■ PROBLEM TO SOLVE: What are the lines from the top of the entries through the one with "0) x (0, 0, -1)"? Write them out exactly, with no pictures.

■ MATERIAL PROVIDED:
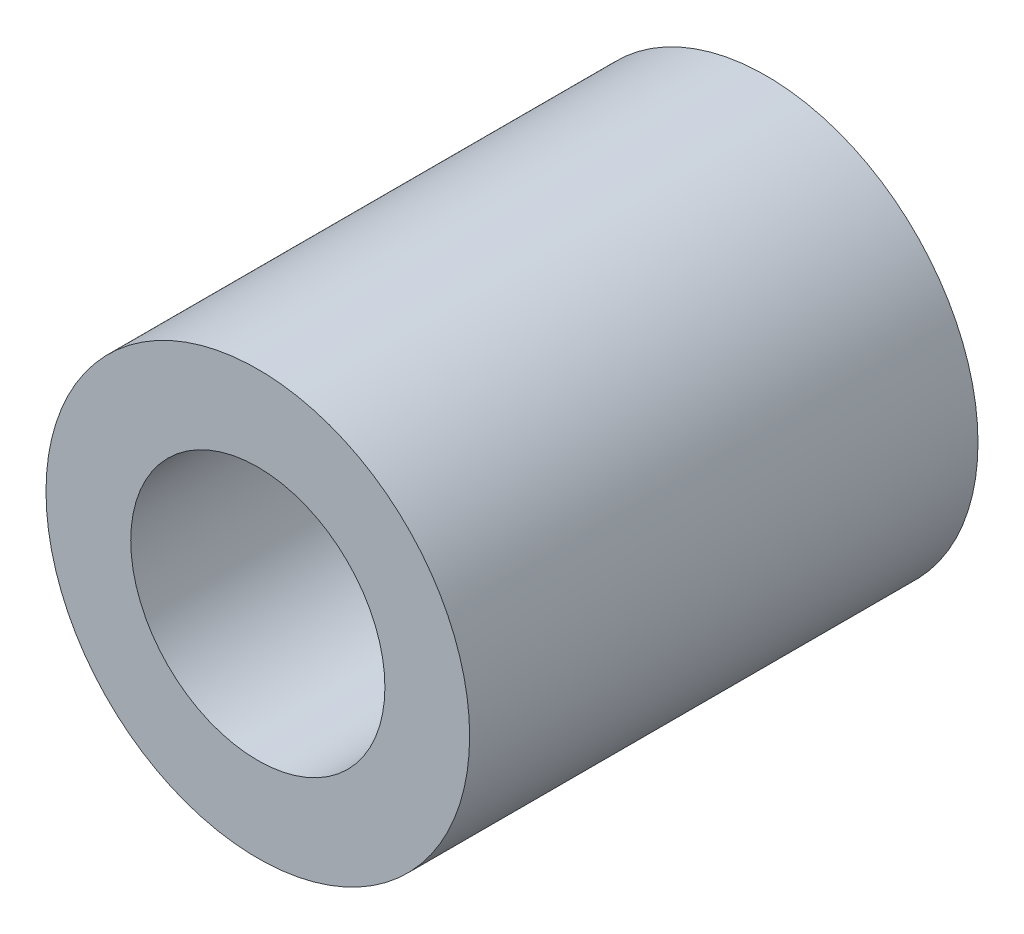
SolidWorks part; units mm, degrees
ref_plane "Plano frontal" through (0, 0, 0) normal (0, 0, 1) x (1, 0, 0)
ref_plane "Plano superior" through (0, 0, 0) normal (0, 1, 0) x (1, 0, 0)
ref_plane "Plano direito" through (0, 0, 0) normal (1, 0, 0) x (0, 0, -1)
sketch "Esboço1" plane through (0, 0, 0) normal (0, 0, 1) x (1, 0, 0)
  circle A0 centre (0, 0) radius 3
  circle A1 centre (0, 0) radius 5
  dimension "D1" = 6
  dimension "D2" = 10
extrude "Ressalto-extrusão1" add sketch "Esboço1" along normal blind 12

■ RESPONSE TO THE TASK:
SolidWorks part; units mm, degrees
ref_plane "Plano frontal" through (0, 0, 0) normal (0, 0, 1) x (1, 0, 0)
ref_plane "Plano superior" through (0, 0, 0) normal (0, 1, 0) x (1, 0, 0)
ref_plane "Plano direito" through (0, 0, 0) normal (1, 0, 0) x (0, 0, -1)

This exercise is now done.